Kim Gyu Dae

Personal information
- Nationality: South Korean
- Born: 17 January 1984 (age 42) Tongyeong, South Korea
- Height: 182 cm (6 ft 0 in)
- Weight: 70 kg (154 lb)

Sport
- Country: South Korea
- Sport: Paralympic athletics
- Disability class: T54
- Event(s): sprints, middle-distance races
- Coached by: Adam Bleakney (University of Illinois at Urbana Champaign)

Medal record
Representing South Korea
Paralympic Games
| Bronze medal – third place | 2008 Beijing | 4 × 100 m relay – T53/54 |
| Bronze medal – third place | 2012 London | 1500 m – T54 |
| Bronze medal – third place | 2016 Rio | 800 m – T54 |
| Bronze medal – third place | 2016 Rio | Marathon – T54 |
IPC Athletics World Championships
| Gold medal – first place | 2013 Lyon | 800m – T54 |
| Silver medal – second place | 2013 Lyon | 4 × 400 m relay – T53/54 |

= Kim Gyu-dae =

South Korean Paralympic athlete

Kim Gyu-dae (born 17 January 1984) is a Paralympic athlete from South Korea who competes in T54 track and field events.

==Athletics career==
Kim, who is classified as a T54 classification wheelchair racer, first represented South Korea at the Summer Paralympics at the 2008 Games in Beijing, competing as part of the South Korea relay team in the 4 × 100 m and the 4 × 400 m, and in the individual 200 metres and 400 metres. He won a single medal, bronze in the 100 metre relay. Four years later, at the 2012 Summer Paralympics in London he won a second bronze medal, this time an individual success in the 1500 m (T54).
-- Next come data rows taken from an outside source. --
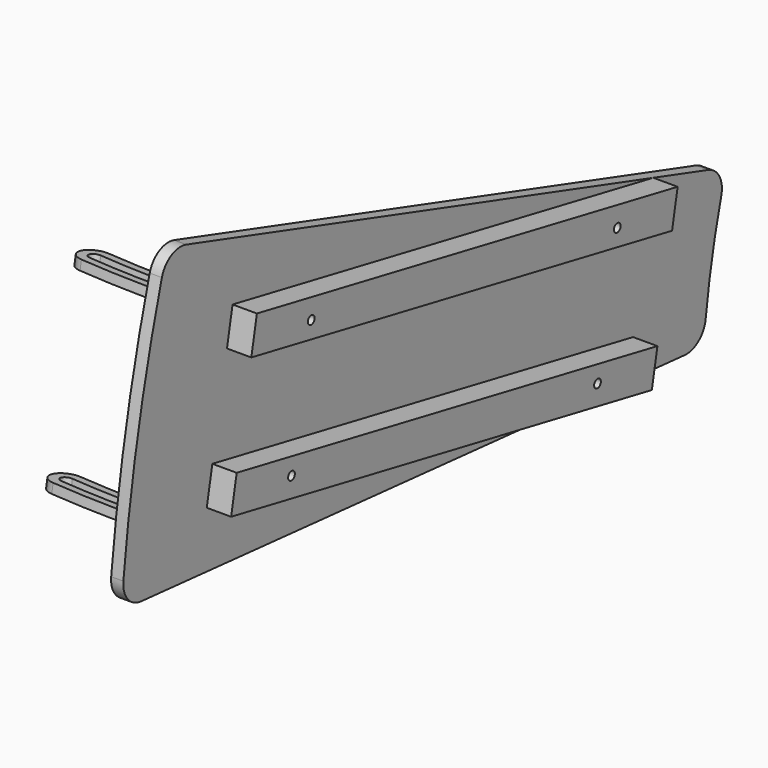
from build123d import *

# Parameters (mm, degrees)
F1_DEPTH  = 12.7
F4_DEPTH  = 25.4
F7_DEPTH  = 9.652
F10_DEPTH = 9.652
F11_R     = 6.35
F12_DEPTH = 25.4
F13_W     = 63.8140652657
F13_H     = 50.8
F14_DEPTH = 101.1923770612
F17_W     = 25.4
F17_H     = 558.8000023101
F18_DEPTH = 38.1
F21_D     = 8.8


# Not quite as in the source:
# - a feature of the source that left no trace in its solid (it failed there, or was rolled back) is left out
# - a pattern or mirror of a feature is missing from the dataset's text; its kind, count and spacing are read off the source's solid


with BuildPart() as f1:
    # F0 (on Right) → F1 (new body)
    with BuildSketch(Plane.YZ):
        with BuildLine():
            ThreePointArc((-756.3314490517, 92.7725130381), (-747.9999137871, 145.3964544769), (-736.0115033336, 197.3095713861))
            ThreePointArc((-736.0115033336, 197.3095713861), (-738.3291312366, 216.1993713631), (-753.1189788115, 228.1766979004))
            Line((-753.1189788115, 228.1766979004), (-1433.4591504296, 436.1775621929))
            ThreePointArc((-1433.4591504296, 436.1775621929), (-1453.0143855451, 434.2043994356), (-1465.30717803, 418.8685641269))
            ThreePointArc((-1465.30717803, 418.8685641269), (-1495.9998275742, 290.7929089539), (-1515.5200833468, 160.5455604257))
            ThreePointArc((-1515.5200833468, 160.5455604257), (-1509.8673096495, 141.7214604148), (-1492.4751711568, 132.5664557537))
            Line((-1492.4751711568, 132.5664557537), (-783.7562532192, 70.5615848078))
            ThreePointArc((-783.7562532192, 70.5615848078), (-765.5565598439, 76.1263941769), (-756.3314490517, 92.7725130381))
        make_face()
        with BuildLine():
            ThreePointArc((-868.3901696878, 137.4879790683), (-863.196533516, 167.7279226013), (-856.9770599652, 197.7736575783))
            ThreePointArc((-856.9770599652, 197.7736575783), (-841.8007632153, 207.3788653824), (-832.1955554113, 192.2025686325))
            ThreePointArc((-832.1955554113, 192.2025686325), (-838.239832524, 163.0031923871), (-843.2871690853, 133.6150782495))
            ThreePointArc((-843.2871690853, 133.6150782495), (-857.775119796, 123.0000283577), (-868.3901696878, 137.4879790683))
        make_face(mode=Mode.SUBTRACT)
        with BuildLine():
            ThreePointArc((-1392.344253737, 220.5256653672), (-1383.7998405062, 268.9834407823), (-1373.5694803277, 317.1135013085))
            ThreePointArc((-1373.5694803277, 317.1135013085), (-1358.3381021148, 326.6311227412), (-1348.8204806822, 311.3997445282))
            ThreePointArc((-1348.8204806822, 311.3997445282), (-1358.8665100466, 264.1368922998), (-1367.2569698858, 216.5522299552))
            ThreePointArc((-1367.2569698858, 216.5522299552), (-1381.7873295174, 205.9953057356), (-1392.344253737, 220.5256653672))
        make_face(mode=Mode.SUBTRACT)
        with BuildLine():
            ThreePointArc((-1348.8204806822, 311.3997445282), (-1358.3381021148, 326.6311227412), (-1373.5694803277, 317.1135013085))
            ThreePointArc((-1373.5694803277, 317.1135013085), (-1383.7998405062, 268.9834407823), (-1392.344253737, 220.5256653672))
            ThreePointArc((-1392.344253737, 220.5256653672), (-1381.7873295174, 205.9953057356), (-1367.2569698858, 216.5522299552))
            ThreePointArc((-1367.2569698858, 216.5522299552), (-1358.8665100466, 264.1368922998), (-1348.8204806822, 311.3997445282))
        make_face()
        with BuildLine():
            ThreePointArc((-832.1955554113, 192.2025686325), (-841.8007632153, 207.3788653824), (-856.9770599652, 197.7736575783))
            ThreePointArc((-856.9770599652, 197.7736575783), (-863.196533516, 167.7279226013), (-868.3901696878, 137.4879790683))
            ThreePointArc((-868.3901696878, 137.4879790683), (-857.775119796, 123.0000283577), (-843.2871690853, 133.6150782495))
            ThreePointArc((-843.2871690853, 133.6150782495), (-838.239832524, 163.0031923871), (-832.1955554113, 192.2025686325))
        make_face()
    extrude(amount=-F1_DEPTH)

    # F3 (on face) → F4 (join, symmetric)
    with BuildSketch(Plane(origin=(0, 0, 0), x_dir=(1, 0, 0), z_dir=(0, -0.1908089954, -0.9816271834))):
        with BuildLine():
            ThreePointArc((-38.1, 829.9252514334), (-33.6098719395, 828.0653794939), (-31.75, 823.5752514334))
            ThreePointArc((-31.75, 823.5752514334), (-33.6098719395, 819.0851233729), (-38.1, 817.2252514334))
            Line((-38.1, 817.2252514334), (-38.1, 810.8752514334))
            ThreePointArc((-38.1, 810.8752514334), (-29.1197438789, 814.5949953123), (-25.4, 823.5752514334))
            ThreePointArc((-25.4, 823.5752514334), (-29.1197438789, 832.5555075545), (-38.1, 836.2752514334))
            Line((-38.1, 836.2752514334), (-38.1, 829.9252514334))
        make_face()
        with BuildLine():
            ThreePointArc((-38.1, 817.2252514334), (-44.45, 823.5752514334), (-38.1, 829.9252514334))
            Line((-38.1, 829.9252514334), (-38.1, 836.2752514334))
            ThreePointArc((-38.1, 836.2752514334), (-50.8, 823.5752514334), (-38.1, 810.8752514334))
            Line((-38.1, 810.8752514334), (-38.1, 817.2252514334))
        make_face()
        with BuildLine():
            Line((-12.7, 836.2752514334), (-38.1, 836.2752514334))
            ThreePointArc((-38.1, 836.2752514334), (-29.1197438789, 832.5555075545), (-25.4, 823.5752514334))
            ThreePointArc((-25.4, 823.5752514334), (-29.1197438789, 814.5949953123), (-38.1, 810.8752514334))
            Line((-38.1, 810.8752514334), (-12.7, 810.8752514334))
            Line((-12.7, 810.8752514334), (-12.7, 836.2752514334))
        make_face()
    extrude(amount=F4_DEPTH, both=True)

    # F9 (on face) → F10 (join)
    with BuildSketch(Plane(origin=(0, -4.8465484826, -24.9333304596), x_dir=(1, 0, 0), z_dir=(0, -0.1908089954, -0.9816271834))):
        with BuildLine():
            Line((-12.7, 810.8752514334), (-12.7, 836.2752514334))
            Line((-12.7, 836.2752514334), (-38.1, 836.2752514334))
            ThreePointArc((-38.1, 836.2752514334), (-50.8, 823.5752514334), (-38.1, 810.8752514334))
            Line((-38.1, 810.8752514334), (-12.7, 810.8752514334))
        make_face()
    f10 = extrude(amount=F10_DEPTH)

    # F10_copies: F10 across plane
    add(f10.mirror(Plane(origin=(0, 0, 0), x_dir=(0, 0.9816271834, -0.1908089954), z_dir=(0, 0.1908089954, 0.9816271834))))

    # F11 (on face) → F12 (cut)
    with BuildSketch(Plane(origin=(0, -6.6882369059, -34.4079960342), x_dir=(1, 0, 0), z_dir=(0, -0.1908089954, -0.9816271834))):
        with Locations((-38.1, 823.5752514334)):
            Circle(F11_R)
    f12 = extrude(amount=-F12_DEPTH, mode=Mode.SUBTRACT)

    # F12_copies: F12 across plane
    add(f12.mirror(Plane(origin=(0, 0, 0), x_dir=(0, 0.9816271834, -0.1908089954), z_dir=(0, 0.1908089954, 0.9816271834))), mode=Mode.SUBTRACT)

    # F13 (on face) → F14 (cut, through all)
    with BuildSketch(Plane(origin=(0, -820.9105196516, 159.5688405843), x_dir=(1, 0, 0), z_dir=(0, -0.9816271834, 0.1908089954))):
        with Locations((-44.6070326328, 0)):
            Rectangle(F13_W, F13_H)
    extrude(amount=-F14_DEPTH, mode=Mode.SUBTRACT)

    # F17 (on face) → F18 (join)
    with BuildSketch(Plane(origin=(0, -9.5404497688, -49.0813591724), x_dir=(1, 0, 0), z_dir=(0, -0.1908089954, -0.9816271834))):
        with Locations((12.7, 1136.5846496688)):
            Rectangle(F17_W, F17_H)
    f18 = extrude(amount=F18_DEPTH)

    # F18_copies: F18 across plane
    add(f18.mirror(Plane(origin=(0, 0, 0), x_dir=(0, 0.9816271834, -0.1908089954), z_dir=(0, 0.1908089954, 0.9816271834))))

    # F21 (through all)
    with Locations(Plane.YZ.offset(25.4)):
        with Locations((-929.1153519156, 111.8383524205), (-1328.0486392687, 189.3831281415), (-1302.2894248929, 321.9027979069), (-903.3561375398, 244.3580221859)):
            Hole(F21_D / 2)


with BuildPart() as f7:
    # F6 (on face) → F7 (new body)
    with BuildSketch(Plane(origin=(0, -19.3861939303, -99.7333218383), x_dir=(1, 0, 0), z_dir=(0, -0.1908089954, -0.9816271834))):
        with BuildLine():
            Line((-12.7, 1458.0670480707), (-12.7, 1474.0815496381))
            ThreePointArc((-12.7, 1474.0815496381), (-65.1564294406, 1474.0147594815), (-117.4371862954, 1469.7247812442))
            ThreePointArc((-117.4371862954, 1469.7247812442), (-131.3697565808, 1451.8919044925), (-113.5368798291, 1437.9593342071))
            ThreePointArc((-113.5368798291, 1437.9593342071), (-63.2019841466, 1442.064066527), (-12.7, 1442.0518993386))
            Line((-12.7, 1442.0518993386), (-12.7, 1458.0670480707))
        make_face()
        with BuildLine():
            ThreePointArc((-38.1, 1464.9252514334), (-31.75, 1458.5752514334), (-38.1, 1452.2252514334))
            ThreePointArc((-38.1, 1452.2252514334), (-76.4781643786, 1451.0526924613), (-114.7131627316, 1447.5393896627))
            ThreePointArc((-114.7131627316, 1447.5393896627), (-121.7897011252, 1453.068187395), (-116.2609033929, 1460.1447257886))
            ThreePointArc((-116.2609033929, 1460.1447257886), (-77.2534808307, 1463.7290044013), (-38.1, 1464.9252514334))
        make_face(mode=Mode.SUBTRACT)
    extrude(amount=-F7_DEPTH)


with BuildPart() as f7_copies_1:
    # F7_copies: instance of F7
    add(f7.part.mirror(Plane(origin=(0, 0, 0), x_dir=(0, 0.9816271834, -0.1908089954), z_dir=(0, 0.1908089954, 0.9816271834))))


solid = Compound([f1.part, f7.part, f7_copies_1.part])

As well as Paralympic successes, Kim won three medals at the 2013 IPC Athletics World Championships, in Lyon, the most notable of which was his gold in the 800 metres (T54).

==Personal history==
Kim was born in Tongyeong, South Korea in 1984. In 2004 whilst training for the South Korean UDT/SEAL, he suffered permanent spinal injuries during parachute training. Along with that he is a Professor at University of Illinois at Urbana-Champaign.